A campaign imitating several YouTube celebrities in order to trick people into divulging personal details has already claimed over 70,000 victims.
According to a new report by RiskIQ, the con has been running since 2016 and sees YouTube subscribers targeted with messages purporting to be from popular YouTube personalities asking them to click on a link to claim a prize.
Security researchers said the scams are lucrative for their operators, who monetise their campaigns by racking up referral clicks to online surveys from organisations that provide them with kickbacks.
The criminals used a combination of clever impersonation techniques which boosted the legitimacy of their messages and improved the likelihood that users would click their links.
The scam also abused two systems built into YouTube. First, the name displayed on YouTube channels and YouTube accounts can be different from the actual account name which threat actors exploited to impersonate accounts.
Second, within YouTube, users can send friend requests to anyone on the platform.
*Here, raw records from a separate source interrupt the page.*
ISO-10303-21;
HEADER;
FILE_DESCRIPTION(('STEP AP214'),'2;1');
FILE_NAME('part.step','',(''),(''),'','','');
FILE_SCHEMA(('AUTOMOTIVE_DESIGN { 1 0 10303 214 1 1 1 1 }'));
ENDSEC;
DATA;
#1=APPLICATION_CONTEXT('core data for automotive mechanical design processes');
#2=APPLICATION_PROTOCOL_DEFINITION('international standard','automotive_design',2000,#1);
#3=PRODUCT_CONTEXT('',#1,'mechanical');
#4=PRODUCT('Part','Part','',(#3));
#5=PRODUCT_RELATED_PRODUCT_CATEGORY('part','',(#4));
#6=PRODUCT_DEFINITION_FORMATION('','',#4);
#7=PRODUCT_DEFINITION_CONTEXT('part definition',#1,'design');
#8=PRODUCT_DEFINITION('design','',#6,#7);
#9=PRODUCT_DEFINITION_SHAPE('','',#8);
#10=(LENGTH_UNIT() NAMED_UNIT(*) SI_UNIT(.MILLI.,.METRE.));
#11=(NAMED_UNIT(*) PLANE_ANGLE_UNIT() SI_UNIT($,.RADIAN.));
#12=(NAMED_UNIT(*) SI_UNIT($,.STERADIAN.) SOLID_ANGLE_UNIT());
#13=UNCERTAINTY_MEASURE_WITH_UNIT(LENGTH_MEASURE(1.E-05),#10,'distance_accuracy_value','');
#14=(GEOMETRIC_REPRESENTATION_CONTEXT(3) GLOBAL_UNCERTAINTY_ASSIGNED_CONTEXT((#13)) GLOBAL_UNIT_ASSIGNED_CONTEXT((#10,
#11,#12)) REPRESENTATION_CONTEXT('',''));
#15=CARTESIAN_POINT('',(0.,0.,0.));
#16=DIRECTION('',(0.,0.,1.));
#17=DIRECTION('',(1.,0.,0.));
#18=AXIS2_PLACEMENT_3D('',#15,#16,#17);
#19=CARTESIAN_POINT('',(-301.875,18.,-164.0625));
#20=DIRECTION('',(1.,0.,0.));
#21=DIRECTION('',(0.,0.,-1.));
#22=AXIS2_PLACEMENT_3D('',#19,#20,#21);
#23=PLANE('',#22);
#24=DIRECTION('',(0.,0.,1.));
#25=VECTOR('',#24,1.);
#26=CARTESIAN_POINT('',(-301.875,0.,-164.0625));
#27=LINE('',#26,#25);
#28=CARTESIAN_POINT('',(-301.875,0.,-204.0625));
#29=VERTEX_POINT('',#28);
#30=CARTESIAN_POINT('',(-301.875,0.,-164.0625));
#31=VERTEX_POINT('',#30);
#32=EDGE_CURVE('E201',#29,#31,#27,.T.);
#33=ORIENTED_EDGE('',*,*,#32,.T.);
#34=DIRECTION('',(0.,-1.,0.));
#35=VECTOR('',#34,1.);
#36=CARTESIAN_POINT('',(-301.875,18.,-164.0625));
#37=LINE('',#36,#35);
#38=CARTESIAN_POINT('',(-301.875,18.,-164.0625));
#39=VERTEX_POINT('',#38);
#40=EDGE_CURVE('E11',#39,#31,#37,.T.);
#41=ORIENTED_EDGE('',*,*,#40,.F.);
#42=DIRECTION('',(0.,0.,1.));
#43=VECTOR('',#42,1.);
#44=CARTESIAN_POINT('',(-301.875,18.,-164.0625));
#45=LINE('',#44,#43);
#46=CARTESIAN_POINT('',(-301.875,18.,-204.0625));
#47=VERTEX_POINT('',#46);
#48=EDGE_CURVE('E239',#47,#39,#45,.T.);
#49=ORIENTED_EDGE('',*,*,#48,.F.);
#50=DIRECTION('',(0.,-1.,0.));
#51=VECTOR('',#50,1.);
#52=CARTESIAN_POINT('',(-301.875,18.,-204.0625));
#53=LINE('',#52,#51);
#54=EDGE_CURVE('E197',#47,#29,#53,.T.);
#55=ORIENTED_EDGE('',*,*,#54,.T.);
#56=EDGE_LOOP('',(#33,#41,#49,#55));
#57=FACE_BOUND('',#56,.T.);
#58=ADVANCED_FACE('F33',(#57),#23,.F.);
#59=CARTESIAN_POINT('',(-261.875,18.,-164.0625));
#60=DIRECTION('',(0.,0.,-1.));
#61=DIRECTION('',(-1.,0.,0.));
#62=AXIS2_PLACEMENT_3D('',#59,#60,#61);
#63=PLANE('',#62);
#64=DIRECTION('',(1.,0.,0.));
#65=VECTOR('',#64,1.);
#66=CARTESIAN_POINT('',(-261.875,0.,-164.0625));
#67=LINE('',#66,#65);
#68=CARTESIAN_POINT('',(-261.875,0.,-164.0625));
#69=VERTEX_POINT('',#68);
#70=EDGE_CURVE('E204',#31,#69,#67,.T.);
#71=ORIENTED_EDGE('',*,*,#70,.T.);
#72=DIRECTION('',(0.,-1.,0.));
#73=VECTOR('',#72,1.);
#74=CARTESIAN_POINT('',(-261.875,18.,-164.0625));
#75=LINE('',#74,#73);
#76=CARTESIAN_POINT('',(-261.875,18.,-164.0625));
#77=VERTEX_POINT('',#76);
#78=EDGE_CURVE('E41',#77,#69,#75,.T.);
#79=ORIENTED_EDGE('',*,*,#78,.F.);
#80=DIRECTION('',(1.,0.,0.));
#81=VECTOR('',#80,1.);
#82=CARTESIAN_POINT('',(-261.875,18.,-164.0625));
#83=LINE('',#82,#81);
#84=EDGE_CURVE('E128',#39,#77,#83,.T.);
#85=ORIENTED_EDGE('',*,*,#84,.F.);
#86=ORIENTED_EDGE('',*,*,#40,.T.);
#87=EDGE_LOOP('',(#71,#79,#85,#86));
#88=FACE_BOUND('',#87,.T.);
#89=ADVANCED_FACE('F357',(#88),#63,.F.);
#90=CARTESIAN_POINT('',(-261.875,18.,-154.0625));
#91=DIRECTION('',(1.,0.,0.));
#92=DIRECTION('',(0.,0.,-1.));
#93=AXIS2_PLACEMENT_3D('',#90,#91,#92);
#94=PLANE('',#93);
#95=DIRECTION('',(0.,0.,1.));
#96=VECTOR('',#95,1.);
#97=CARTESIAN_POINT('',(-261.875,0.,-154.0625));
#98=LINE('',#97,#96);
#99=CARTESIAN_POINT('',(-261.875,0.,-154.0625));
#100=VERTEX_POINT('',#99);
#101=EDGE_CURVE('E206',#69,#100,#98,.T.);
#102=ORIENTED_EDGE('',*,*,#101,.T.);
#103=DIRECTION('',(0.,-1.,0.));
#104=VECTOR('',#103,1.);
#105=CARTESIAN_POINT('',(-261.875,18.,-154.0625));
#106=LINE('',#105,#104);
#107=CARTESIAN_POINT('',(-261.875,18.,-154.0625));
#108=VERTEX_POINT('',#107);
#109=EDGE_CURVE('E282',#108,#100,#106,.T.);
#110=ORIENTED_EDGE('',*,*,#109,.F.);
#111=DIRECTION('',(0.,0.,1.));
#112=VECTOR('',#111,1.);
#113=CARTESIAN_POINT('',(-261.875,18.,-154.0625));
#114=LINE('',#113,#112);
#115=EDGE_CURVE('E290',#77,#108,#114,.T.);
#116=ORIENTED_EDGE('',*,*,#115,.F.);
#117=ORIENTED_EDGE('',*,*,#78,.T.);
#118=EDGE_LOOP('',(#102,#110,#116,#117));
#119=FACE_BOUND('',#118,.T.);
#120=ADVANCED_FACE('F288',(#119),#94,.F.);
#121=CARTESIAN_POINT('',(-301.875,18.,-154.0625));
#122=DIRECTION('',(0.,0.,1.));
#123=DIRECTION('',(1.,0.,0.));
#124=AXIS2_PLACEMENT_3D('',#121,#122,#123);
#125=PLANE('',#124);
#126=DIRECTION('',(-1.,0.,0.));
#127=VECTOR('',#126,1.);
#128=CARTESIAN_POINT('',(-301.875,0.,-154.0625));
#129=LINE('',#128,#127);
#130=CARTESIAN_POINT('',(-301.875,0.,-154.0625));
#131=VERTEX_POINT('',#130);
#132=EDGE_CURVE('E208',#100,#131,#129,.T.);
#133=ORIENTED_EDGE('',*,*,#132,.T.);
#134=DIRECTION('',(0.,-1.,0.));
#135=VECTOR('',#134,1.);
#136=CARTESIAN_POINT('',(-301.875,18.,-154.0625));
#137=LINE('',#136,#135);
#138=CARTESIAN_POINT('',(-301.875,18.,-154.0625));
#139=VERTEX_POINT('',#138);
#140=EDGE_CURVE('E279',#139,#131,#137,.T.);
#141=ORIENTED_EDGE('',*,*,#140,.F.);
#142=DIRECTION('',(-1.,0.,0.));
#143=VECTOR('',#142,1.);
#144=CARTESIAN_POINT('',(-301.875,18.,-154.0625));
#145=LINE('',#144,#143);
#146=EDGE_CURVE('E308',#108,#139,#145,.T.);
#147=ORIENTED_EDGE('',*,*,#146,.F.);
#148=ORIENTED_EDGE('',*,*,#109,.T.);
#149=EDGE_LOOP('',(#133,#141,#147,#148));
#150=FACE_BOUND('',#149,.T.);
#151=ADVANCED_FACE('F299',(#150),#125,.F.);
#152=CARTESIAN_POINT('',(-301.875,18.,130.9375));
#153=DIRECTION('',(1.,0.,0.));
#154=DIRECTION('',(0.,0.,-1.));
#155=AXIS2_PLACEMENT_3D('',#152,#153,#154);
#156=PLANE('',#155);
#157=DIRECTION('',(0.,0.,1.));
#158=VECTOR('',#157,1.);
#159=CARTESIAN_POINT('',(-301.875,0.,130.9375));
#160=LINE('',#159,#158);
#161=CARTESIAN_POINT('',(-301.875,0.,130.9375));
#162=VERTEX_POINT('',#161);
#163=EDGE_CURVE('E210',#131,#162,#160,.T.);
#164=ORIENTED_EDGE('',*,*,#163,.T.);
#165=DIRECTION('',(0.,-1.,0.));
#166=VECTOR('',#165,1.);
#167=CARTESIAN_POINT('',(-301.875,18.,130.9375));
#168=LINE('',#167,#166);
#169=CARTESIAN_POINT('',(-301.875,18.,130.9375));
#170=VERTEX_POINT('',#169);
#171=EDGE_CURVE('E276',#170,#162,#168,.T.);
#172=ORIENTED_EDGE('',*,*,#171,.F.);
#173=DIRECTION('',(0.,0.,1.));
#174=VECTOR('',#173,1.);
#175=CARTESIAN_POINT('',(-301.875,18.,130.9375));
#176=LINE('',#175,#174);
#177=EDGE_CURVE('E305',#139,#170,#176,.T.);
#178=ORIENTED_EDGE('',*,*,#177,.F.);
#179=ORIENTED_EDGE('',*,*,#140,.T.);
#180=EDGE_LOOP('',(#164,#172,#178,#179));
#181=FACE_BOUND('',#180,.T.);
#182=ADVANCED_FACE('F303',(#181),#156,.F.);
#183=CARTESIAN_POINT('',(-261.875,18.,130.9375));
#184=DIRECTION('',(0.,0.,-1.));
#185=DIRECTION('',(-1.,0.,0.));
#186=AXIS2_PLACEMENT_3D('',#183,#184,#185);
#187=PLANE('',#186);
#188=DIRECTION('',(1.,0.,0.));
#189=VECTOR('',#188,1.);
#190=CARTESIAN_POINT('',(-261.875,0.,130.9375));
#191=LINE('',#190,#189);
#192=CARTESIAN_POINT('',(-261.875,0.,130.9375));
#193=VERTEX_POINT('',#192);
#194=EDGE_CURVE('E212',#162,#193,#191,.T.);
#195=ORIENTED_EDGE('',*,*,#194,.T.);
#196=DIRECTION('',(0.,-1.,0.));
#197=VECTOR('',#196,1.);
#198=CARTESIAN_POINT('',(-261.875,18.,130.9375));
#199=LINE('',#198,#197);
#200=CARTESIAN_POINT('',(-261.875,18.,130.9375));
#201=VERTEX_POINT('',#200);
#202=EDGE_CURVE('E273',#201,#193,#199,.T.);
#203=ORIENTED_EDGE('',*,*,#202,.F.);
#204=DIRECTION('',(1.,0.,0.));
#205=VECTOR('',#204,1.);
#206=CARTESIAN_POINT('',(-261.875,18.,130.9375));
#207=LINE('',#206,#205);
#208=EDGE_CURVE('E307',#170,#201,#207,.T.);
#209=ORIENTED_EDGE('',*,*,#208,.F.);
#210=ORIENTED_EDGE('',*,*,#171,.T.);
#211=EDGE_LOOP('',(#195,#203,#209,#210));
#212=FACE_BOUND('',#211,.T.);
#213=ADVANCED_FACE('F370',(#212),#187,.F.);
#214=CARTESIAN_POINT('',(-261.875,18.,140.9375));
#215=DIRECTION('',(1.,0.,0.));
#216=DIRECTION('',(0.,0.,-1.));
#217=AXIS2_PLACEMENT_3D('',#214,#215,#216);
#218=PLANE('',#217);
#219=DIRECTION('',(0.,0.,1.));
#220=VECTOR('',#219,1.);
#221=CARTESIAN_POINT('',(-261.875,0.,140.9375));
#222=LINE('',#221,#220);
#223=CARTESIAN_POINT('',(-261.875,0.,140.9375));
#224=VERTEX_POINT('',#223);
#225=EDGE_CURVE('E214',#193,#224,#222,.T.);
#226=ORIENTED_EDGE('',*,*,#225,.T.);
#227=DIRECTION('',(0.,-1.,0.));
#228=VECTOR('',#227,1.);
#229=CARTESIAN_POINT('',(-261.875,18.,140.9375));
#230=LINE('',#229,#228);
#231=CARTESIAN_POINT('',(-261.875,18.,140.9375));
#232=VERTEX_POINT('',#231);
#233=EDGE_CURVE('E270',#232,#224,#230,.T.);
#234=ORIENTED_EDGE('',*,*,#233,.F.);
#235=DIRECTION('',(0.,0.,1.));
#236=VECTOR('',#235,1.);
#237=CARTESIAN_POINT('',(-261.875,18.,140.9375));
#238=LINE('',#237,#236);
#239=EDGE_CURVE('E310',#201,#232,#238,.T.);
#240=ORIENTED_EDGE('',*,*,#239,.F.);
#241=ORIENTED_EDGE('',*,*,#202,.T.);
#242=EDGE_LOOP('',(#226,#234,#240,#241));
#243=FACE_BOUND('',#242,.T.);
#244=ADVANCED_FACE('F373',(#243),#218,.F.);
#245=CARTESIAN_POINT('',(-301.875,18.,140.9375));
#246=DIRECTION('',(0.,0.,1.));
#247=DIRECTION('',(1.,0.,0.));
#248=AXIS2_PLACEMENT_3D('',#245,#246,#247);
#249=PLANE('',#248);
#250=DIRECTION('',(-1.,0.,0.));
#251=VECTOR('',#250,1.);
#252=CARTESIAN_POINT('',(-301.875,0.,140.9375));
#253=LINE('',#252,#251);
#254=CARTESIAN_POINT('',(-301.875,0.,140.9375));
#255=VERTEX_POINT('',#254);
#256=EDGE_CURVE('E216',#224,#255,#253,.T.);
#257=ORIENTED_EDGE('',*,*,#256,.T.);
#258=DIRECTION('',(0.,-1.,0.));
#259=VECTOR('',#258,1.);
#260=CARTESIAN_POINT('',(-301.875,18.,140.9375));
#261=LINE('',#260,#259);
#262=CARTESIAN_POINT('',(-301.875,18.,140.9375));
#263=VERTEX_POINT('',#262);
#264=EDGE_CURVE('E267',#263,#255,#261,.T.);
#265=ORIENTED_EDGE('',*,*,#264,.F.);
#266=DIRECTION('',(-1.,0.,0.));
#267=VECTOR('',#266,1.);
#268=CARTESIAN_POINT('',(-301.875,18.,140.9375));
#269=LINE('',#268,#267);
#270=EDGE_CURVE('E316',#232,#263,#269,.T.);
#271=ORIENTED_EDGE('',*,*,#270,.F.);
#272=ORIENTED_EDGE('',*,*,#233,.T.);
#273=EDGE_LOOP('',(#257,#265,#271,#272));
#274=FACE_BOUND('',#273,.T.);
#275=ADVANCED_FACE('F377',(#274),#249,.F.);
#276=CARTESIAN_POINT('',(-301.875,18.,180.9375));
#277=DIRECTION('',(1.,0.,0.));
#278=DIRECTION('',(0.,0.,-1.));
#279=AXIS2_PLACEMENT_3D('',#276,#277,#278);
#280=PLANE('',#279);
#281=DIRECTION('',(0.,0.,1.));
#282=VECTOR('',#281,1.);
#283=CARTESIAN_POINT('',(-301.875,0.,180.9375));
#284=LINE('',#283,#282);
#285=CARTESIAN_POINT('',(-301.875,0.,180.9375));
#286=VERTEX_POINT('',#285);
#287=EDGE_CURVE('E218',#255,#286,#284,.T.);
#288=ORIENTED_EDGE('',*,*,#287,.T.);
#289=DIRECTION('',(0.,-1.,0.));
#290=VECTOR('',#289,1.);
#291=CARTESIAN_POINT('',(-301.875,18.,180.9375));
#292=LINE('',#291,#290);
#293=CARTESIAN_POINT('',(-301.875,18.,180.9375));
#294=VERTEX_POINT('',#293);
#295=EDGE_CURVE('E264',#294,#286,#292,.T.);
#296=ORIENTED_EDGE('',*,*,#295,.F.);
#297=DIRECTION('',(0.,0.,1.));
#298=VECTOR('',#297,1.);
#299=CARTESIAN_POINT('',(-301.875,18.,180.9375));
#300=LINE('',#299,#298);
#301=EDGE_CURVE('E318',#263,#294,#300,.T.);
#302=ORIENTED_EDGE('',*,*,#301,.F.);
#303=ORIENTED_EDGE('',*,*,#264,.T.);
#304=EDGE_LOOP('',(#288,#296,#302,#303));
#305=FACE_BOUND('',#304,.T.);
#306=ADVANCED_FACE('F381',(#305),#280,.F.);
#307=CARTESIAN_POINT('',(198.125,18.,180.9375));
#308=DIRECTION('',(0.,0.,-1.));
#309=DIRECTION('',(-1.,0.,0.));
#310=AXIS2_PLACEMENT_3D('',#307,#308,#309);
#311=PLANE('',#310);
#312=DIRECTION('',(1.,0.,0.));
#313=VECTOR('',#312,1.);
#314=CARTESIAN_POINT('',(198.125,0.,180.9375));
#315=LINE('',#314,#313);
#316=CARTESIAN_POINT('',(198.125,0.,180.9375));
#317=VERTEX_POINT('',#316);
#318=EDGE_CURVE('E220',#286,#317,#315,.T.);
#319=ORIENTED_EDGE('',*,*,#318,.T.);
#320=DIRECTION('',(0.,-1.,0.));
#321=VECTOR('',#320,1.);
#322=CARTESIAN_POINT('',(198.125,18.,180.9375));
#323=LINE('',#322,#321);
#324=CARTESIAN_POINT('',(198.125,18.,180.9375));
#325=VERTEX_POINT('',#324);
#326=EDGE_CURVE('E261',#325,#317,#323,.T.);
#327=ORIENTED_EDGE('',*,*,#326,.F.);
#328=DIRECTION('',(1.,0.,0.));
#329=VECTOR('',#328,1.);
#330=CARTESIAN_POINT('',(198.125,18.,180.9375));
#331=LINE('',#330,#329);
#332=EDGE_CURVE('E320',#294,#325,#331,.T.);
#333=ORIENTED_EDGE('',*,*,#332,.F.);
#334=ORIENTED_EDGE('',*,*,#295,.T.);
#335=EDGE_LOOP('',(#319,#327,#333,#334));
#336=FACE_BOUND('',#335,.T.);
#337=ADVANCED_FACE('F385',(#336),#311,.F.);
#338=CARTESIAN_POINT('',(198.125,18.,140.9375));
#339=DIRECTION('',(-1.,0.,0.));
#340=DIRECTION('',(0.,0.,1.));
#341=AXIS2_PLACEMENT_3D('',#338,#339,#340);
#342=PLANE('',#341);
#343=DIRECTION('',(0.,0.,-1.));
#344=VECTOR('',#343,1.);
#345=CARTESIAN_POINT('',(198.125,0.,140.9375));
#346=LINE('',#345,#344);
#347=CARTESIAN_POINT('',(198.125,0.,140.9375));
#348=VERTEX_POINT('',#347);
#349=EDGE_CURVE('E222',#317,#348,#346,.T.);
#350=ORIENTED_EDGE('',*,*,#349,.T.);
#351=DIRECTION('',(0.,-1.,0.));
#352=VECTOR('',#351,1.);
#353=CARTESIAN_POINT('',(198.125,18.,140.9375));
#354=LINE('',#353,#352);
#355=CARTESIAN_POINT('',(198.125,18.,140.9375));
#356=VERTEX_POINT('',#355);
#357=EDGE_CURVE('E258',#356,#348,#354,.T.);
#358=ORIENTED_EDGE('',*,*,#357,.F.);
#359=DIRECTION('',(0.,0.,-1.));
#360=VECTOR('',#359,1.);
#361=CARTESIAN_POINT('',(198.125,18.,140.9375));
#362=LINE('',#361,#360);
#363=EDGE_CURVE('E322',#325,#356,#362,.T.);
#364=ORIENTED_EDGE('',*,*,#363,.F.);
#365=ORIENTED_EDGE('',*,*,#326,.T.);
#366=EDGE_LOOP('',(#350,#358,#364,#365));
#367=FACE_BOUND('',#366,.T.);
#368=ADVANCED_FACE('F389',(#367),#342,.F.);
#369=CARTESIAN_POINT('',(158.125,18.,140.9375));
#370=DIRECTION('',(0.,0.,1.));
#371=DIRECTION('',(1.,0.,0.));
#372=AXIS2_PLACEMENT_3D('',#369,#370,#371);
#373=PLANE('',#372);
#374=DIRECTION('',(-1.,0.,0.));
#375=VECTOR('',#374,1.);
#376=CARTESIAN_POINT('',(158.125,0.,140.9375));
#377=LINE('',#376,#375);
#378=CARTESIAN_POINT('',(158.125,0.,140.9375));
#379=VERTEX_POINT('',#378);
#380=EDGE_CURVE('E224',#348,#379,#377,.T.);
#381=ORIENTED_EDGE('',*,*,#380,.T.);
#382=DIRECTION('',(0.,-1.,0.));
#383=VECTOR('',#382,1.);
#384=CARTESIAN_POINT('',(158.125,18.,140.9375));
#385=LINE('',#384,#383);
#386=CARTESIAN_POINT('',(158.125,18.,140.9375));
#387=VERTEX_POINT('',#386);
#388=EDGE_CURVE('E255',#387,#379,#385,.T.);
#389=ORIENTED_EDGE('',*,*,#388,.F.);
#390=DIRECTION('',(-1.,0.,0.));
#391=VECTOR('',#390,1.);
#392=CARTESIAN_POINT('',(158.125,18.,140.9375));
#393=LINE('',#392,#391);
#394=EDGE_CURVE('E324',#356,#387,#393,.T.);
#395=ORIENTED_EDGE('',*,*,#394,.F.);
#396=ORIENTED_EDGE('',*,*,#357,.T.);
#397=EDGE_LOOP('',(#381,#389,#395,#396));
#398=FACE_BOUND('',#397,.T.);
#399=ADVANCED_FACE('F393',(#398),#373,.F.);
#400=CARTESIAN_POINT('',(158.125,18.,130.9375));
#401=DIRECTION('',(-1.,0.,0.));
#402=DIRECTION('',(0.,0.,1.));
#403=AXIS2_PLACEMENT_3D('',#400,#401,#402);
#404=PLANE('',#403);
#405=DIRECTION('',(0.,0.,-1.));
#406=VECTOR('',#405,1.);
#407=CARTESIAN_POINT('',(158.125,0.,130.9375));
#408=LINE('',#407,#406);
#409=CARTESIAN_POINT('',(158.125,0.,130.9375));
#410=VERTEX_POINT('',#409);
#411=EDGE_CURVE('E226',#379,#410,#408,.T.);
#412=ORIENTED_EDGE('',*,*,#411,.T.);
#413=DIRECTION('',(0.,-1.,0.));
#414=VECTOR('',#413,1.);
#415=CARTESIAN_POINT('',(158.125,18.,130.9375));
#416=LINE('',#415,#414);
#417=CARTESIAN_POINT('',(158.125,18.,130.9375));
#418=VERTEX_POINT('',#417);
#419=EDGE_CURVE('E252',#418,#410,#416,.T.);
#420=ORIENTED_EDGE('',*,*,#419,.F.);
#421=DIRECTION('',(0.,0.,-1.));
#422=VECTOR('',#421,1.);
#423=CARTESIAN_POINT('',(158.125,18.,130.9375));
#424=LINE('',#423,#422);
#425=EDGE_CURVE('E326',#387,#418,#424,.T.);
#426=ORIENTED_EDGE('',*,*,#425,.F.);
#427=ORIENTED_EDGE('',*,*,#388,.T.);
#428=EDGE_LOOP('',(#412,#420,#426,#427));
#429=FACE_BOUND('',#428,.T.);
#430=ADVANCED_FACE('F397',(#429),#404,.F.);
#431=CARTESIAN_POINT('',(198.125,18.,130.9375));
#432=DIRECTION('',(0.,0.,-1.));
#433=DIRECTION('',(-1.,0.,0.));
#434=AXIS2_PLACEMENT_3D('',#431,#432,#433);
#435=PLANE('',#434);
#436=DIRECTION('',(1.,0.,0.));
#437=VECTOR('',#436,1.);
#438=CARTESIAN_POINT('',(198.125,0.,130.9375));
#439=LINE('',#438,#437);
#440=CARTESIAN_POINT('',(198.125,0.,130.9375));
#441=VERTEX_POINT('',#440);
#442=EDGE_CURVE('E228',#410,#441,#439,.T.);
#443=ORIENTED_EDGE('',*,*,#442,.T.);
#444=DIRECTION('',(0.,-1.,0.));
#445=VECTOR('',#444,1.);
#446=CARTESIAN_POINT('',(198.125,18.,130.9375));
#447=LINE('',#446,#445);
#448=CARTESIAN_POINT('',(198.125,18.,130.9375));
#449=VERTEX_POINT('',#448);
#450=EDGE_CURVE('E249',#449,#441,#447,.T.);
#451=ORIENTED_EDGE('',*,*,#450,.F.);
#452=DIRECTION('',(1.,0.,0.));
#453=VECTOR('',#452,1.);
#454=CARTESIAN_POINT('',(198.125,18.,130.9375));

Once accepted, they can send that person direct messages.
Criminals have set up new YouTube accounts making the displayed avatar and username identical to that of a famous YouTuber.
"The next step in the scam is sending messages posing as the famous YouTuber. The message in this scam mentions a contest in which James Charles is ‘randomly selecting’ a subscriber to give out a surprise gift. The message ends with a link which the threat actors hope the user clicks," said Yonathan Klijnsma, a threat researcher at RiskIQ.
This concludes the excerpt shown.